» **Description of the task**
Locate the line that contains "#139=ORIENTED_EDGE('',*,*,#109,.T.);" in the entries below, then repeat it and every following line through the line that contains "#147=PLANE('',#146);", exactly, and no others.

» **Records to use**

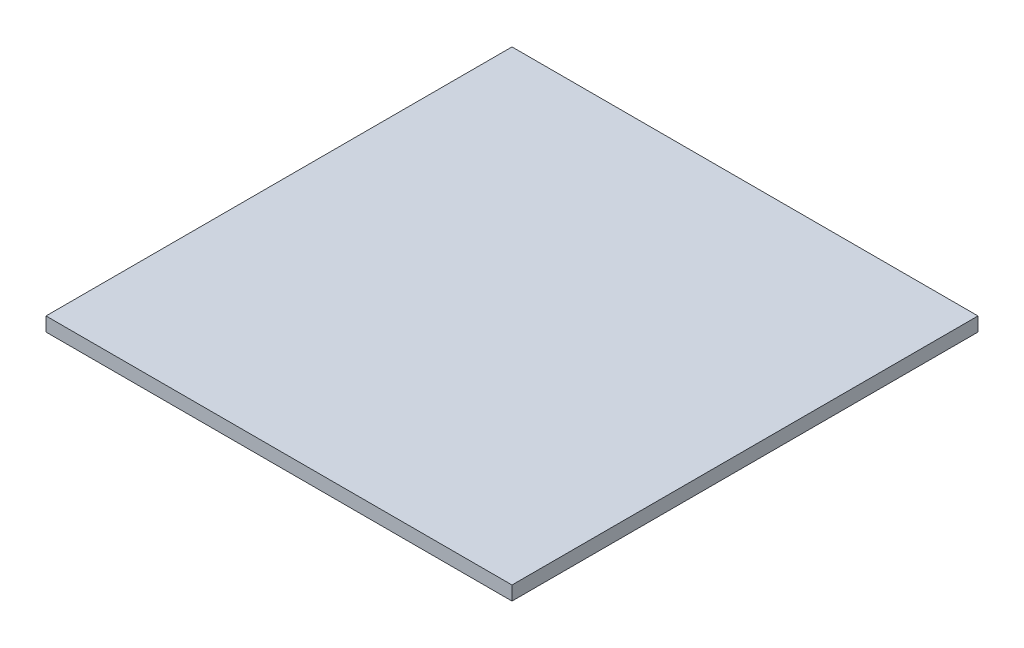
ISO-10303-21;
HEADER;
FILE_DESCRIPTION(('STEP AP214'),'2;1');
FILE_NAME('part.step','',(''),(''),'','','');
FILE_SCHEMA(('AUTOMOTIVE_DESIGN { 1 0 10303 214 1 1 1 1 }'));
ENDSEC;
DATA;
#1=APPLICATION_CONTEXT('core data for automotive mechanical design processes');
#2=APPLICATION_PROTOCOL_DEFINITION('international standard','automotive_design',2000,#1);
#3=PRODUCT_CONTEXT('',#1,'mechanical');
#4=PRODUCT('Part','Part','',(#3));
#5=PRODUCT_RELATED_PRODUCT_CATEGORY('part','',(#4));
#6=PRODUCT_DEFINITION_FORMATION('','',#4);
#7=PRODUCT_DEFINITION_CONTEXT('part definition',#1,'design');
#8=PRODUCT_DEFINITION('design','',#6,#7);
#9=PRODUCT_DEFINITION_SHAPE('','',#8);
#10=(LENGTH_UNIT() NAMED_UNIT(*) SI_UNIT(.MILLI.,.METRE.));
#11=(NAMED_UNIT(*) PLANE_ANGLE_UNIT() SI_UNIT($,.RADIAN.));
#12=(NAMED_UNIT(*) SI_UNIT($,.STERADIAN.) SOLID_ANGLE_UNIT());
#13=UNCERTAINTY_MEASURE_WITH_UNIT(LENGTH_MEASURE(1.E-05),#10,'distance_accuracy_value','');
#14=(GEOMETRIC_REPRESENTATION_CONTEXT(3) GLOBAL_UNCERTAINTY_ASSIGNED_CONTEXT((#13)) GLOBAL_UNIT_ASSIGNED_CONTEXT((#10,
#11,#12)) REPRESENTATION_CONTEXT('',''));
#15=CARTESIAN_POINT('',(0.,0.,0.));
#16=DIRECTION('',(0.,0.,1.));
#17=DIRECTION('',(1.,0.,0.));
#18=AXIS2_PLACEMENT_3D('',#15,#16,#17);
#19=CARTESIAN_POINT('',(25.4,1.524,-25.4));
#20=DIRECTION('',(-1.,0.,0.));
#21=DIRECTION('',(0.,0.,1.));
#22=AXIS2_PLACEMENT_3D('',#19,#20,#21);
#23=PLANE('',#22);
#24=DIRECTION('',(0.,0.,-1.));
#25=VECTOR('',#24,1.);
#26=CARTESIAN_POINT('',(25.4,0.,-25.4));
#27=LINE('',#26,#25);
#28=CARTESIAN_POINT('',(25.4,0.,25.4));
#29=VERTEX_POINT('',#28);
#30=CARTESIAN_POINT('',(25.4,0.,-25.4));
#31=VERTEX_POINT('',#30);
#32=EDGE_CURVE('E107',#29,#31,#27,.T.);
#33=ORIENTED_EDGE('',*,*,#32,.T.);
#34=DIRECTION('',(0.,-1.,0.));
#35=VECTOR('',#34,1.);
#36=CARTESIAN_POINT('',(25.4,1.524,-25.4));
#37=LINE('',#36,#35);
#38=CARTESIAN_POINT('',(25.4,1.524,-25.4));
#39=VERTEX_POINT('',#38);
#40=EDGE_CURVE('E11',#39,#31,#37,.T.);
#41=ORIENTED_EDGE('',*,*,#40,.F.);
#42=DIRECTION('',(0.,0.,-1.));
#43=VECTOR('',#42,1.);
#44=CARTESIAN_POINT('',(25.4,1.524,-25.4));
#45=LINE('',#44,#43);
#46=CARTESIAN_POINT('',(25.4,1.524,25.4));
#47=VERTEX_POINT('',#46);
#48=EDGE_CURVE('E91',#47,#39,#45,.T.);
#49=ORIENTED_EDGE('',*,*,#48,.F.);
#50=DIRECTION('',(0.,-1.,0.));
#51=VECTOR('',#50,1.);
#52=CARTESIAN_POINT('',(25.4,1.524,25.4));
#53=LINE('',#52,#51);
#54=EDGE_CURVE('E103',#47,#29,#53,.T.);
#55=ORIENTED_EDGE('',*,*,#54,.T.);
#56=EDGE_LOOP('',(#33,#41,#49,#55));
#57=FACE_BOUND('',#56,.T.);
#58=ADVANCED_FACE('F39',(#57),#23,.F.);
#59=CARTESIAN_POINT('',(-25.3999999999999,1.524,-25.4));
#60=DIRECTION('',(0.,0.,1.));
#61=DIRECTION('',(1.,0.,0.));
#62=AXIS2_PLACEMENT_3D('',#59,#60,#61);
#63=PLANE('',#62);
#64=DIRECTION('',(-1.,0.,0.));
#65=VECTOR('',#64,1.);
#66=CARTESIAN_POINT('',(-25.3999999999999,0.,-25.4));
#67=LINE('',#66,#65);
#68=CARTESIAN_POINT('',(-25.3999999999999,0.,-25.4));
#69=VERTEX_POINT('',#68);
#70=EDGE_CURVE('E96',#31,#69,#67,.T.);
#71=ORIENTED_EDGE('',*,*,#70,.T.);
#72=DIRECTION('',(0.,-1.,0.));
#73=VECTOR('',#72,1.);
#74=CARTESIAN_POINT('',(-25.3999999999999,1.524,-25.4));
#75=LINE('',#74,#73);
#76=CARTESIAN_POINT('',(-25.3999999999999,1.524,-25.4));
#77=VERTEX_POINT('',#76);
#78=EDGE_CURVE('E48',#77,#69,#75,.T.);
#79=ORIENTED_EDGE('',*,*,#78,.F.);
#80=DIRECTION('',(-1.,0.,0.));
#81=VECTOR('',#80,1.);
#82=CARTESIAN_POINT('',(-25.3999999999999,1.524,-25.4));
#83=LINE('',#82,#81);
#84=EDGE_CURVE('E86',#39,#77,#83,.T.);
#85=ORIENTED_EDGE('',*,*,#84,.F.);
#86=ORIENTED_EDGE('',*,*,#40,.T.);
#87=EDGE_LOOP('',(#71,#79,#85,#86));
#88=FACE_BOUND('',#87,.T.);
#89=ADVANCED_FACE('F95',(#88),#63,.F.);
#90=CARTESIAN_POINT('',(-25.3999999999999,1.524,-25.4));
#91=DIRECTION('',(1.,0.,0.));
#92=DIRECTION('',(0.,0.,-1.));
#93=AXIS2_PLACEMENT_3D('',#90,#91,#92);
#94=PLANE('',#93);
#95=DIRECTION('',(0.,0.,1.));
#96=VECTOR('',#95,1.);
#97=CARTESIAN_POINT('',(-25.3999999999999,0.,-25.4));
#98=LINE('',#97,#96);
#99=CARTESIAN_POINT('',(-25.3999999999999,0.,25.4));
#100=VERTEX_POINT('',#99);
#101=EDGE_CURVE('E73',#69,#100,#98,.T.);
#102=ORIENTED_EDGE('',*,*,#101,.T.);
#103=DIRECTION('',(0.,-1.,0.));
#104=VECTOR('',#103,1.);
#105=CARTESIAN_POINT('',(-25.3999999999999,1.524,25.4));
#106=LINE('',#105,#104);
#107=CARTESIAN_POINT('',(-25.3999999999999,1.524,25.4));
#108=VERTEX_POINT('',#107);
#109=EDGE_CURVE('E98',#108,#100,#106,.T.);
#110=ORIENTED_EDGE('',*,*,#109,.F.);
#111=DIRECTION('',(0.,0.,1.));
#112=VECTOR('',#111,1.);
#113=CARTESIAN_POINT('',(-25.3999999999999,1.524,-25.4));
#114=LINE('',#113,#112);
#115=EDGE_CURVE('E89',#77,#108,#114,.T.);
#116=ORIENTED_EDGE('',*,*,#115,.F.);
#117=ORIENTED_EDGE('',*,*,#78,.T.);
#118=EDGE_LOOP('',(#102,#110,#116,#117));
#119=FACE_BOUND('',#118,.T.);
#120=ADVANCED_FACE('F99',(#119),#94,.F.);
#121=CARTESIAN_POINT('',(-25.3999999999999,1.524,25.4));
#122=DIRECTION('',(0.,0.,-1.));
#123=DIRECTION('',(-1.,0.,0.));
#124=AXIS2_PLACEMENT_3D('',#121,#122,#123);
#125=PLANE('',#124);
#126=DIRECTION('',(1.,0.,0.));
#127=VECTOR('',#126,1.);
#128=CARTESIAN_POINT('',(-25.3999999999999,0.,25.4));
#129=LINE('',#128,#127);
#130=EDGE_CURVE('E79',#100,#29,#129,.T.);
#131=ORIENTED_EDGE('',*,*,#130,.T.);
#132=ORIENTED_EDGE('',*,*,#54,.F.);
#133=DIRECTION('',(1.,0.,0.));
#134=VECTOR('',#133,1.);
#135=CARTESIAN_POINT('',(-25.3999999999999,1.524,25.4));
#136=LINE('',#135,#134);
#137=EDGE_CURVE('E56',#108,#47,#136,.T.);
#138=ORIENTED_EDGE('',*,*,#137,.F.);
#139=ORIENTED_EDGE('',*,*,#109,.T.);
#140=EDGE_LOOP('',(#131,#132,#138,#139));
#141=FACE_BOUND('',#140,.T.);
#142=ADVANCED_FACE('F120',(#141),#125,.F.);
#143=CARTESIAN_POINT('',(0.,1.524,0.));
#144=DIRECTION('',(0.,1.,0.));
#145=DIRECTION('',(0.,0.,1.));
#146=AXIS2_PLACEMENT_3D('',#143,#144,#145);
#147=PLANE('',#146);
#148=ORIENTED_EDGE('',*,*,#48,.T.);
#149=ORIENTED_EDGE('',*,*,#84,.T.);
#150=ORIENTED_EDGE('',*,*,#115,.T.);
#151=ORIENTED_EDGE('',*,*,#137,.T.);
#152=EDGE_LOOP('',(#148,#149,#150,#151));
#153=FACE_BOUND('',#152,.T.);
#154=ADVANCED_FACE('F87',(#153),#147,.T.);
#155=CARTESIAN_POINT('',(0.,0.,0.));
#156=DIRECTION('',(0.,1.,0.));
#157=DIRECTION('',(0.,0.,1.));
#158=AXIS2_PLACEMENT_3D('',#155,#156,#157);
#159=PLANE('',#158);
#160=ORIENTED_EDGE('',*,*,#32,.F.);
#161=ORIENTED_EDGE('',*,*,#130,.F.);
#162=ORIENTED_EDGE('',*,*,#101,.F.);
#163=ORIENTED_EDGE('',*,*,#70,.F.);
#164=EDGE_LOOP('',(#160,#161,#162,#163));
#165=FACE_BOUND('',#164,.T.);
#166=ADVANCED_FACE('F123',(#165),#159,.F.);
#167=CLOSED_SHELL('',(#58,#89,#120,#142,#154,#166));
#168=MANIFOLD_SOLID_BREP('B2',#167);
#169=ADVANCED_BREP_SHAPE_REPRESENTATION('',(#18,#168),#14);
#170=SHAPE_DEFINITION_REPRESENTATION(#9,#169);
ENDSEC;
END-ISO-10303-21;

» **Solution to the problem**
#139=ORIENTED_EDGE('',*,*,#109,.T.);
#140=EDGE_LOOP('',(#131,#132,#138,#139));
#141=FACE_BOUND('',#140,.T.);
#142=ADVANCED_FACE('F120',(#141),#125,.F.);
#143=CARTESIAN_POINT('',(0.,1.524,0.));
#144=DIRECTION('',(0.,1.,0.));
#145=DIRECTION('',(0.,0.,1.));
#146=AXIS2_PLACEMENT_3D('',#143,#144,#145);
#147=PLANE('',#146);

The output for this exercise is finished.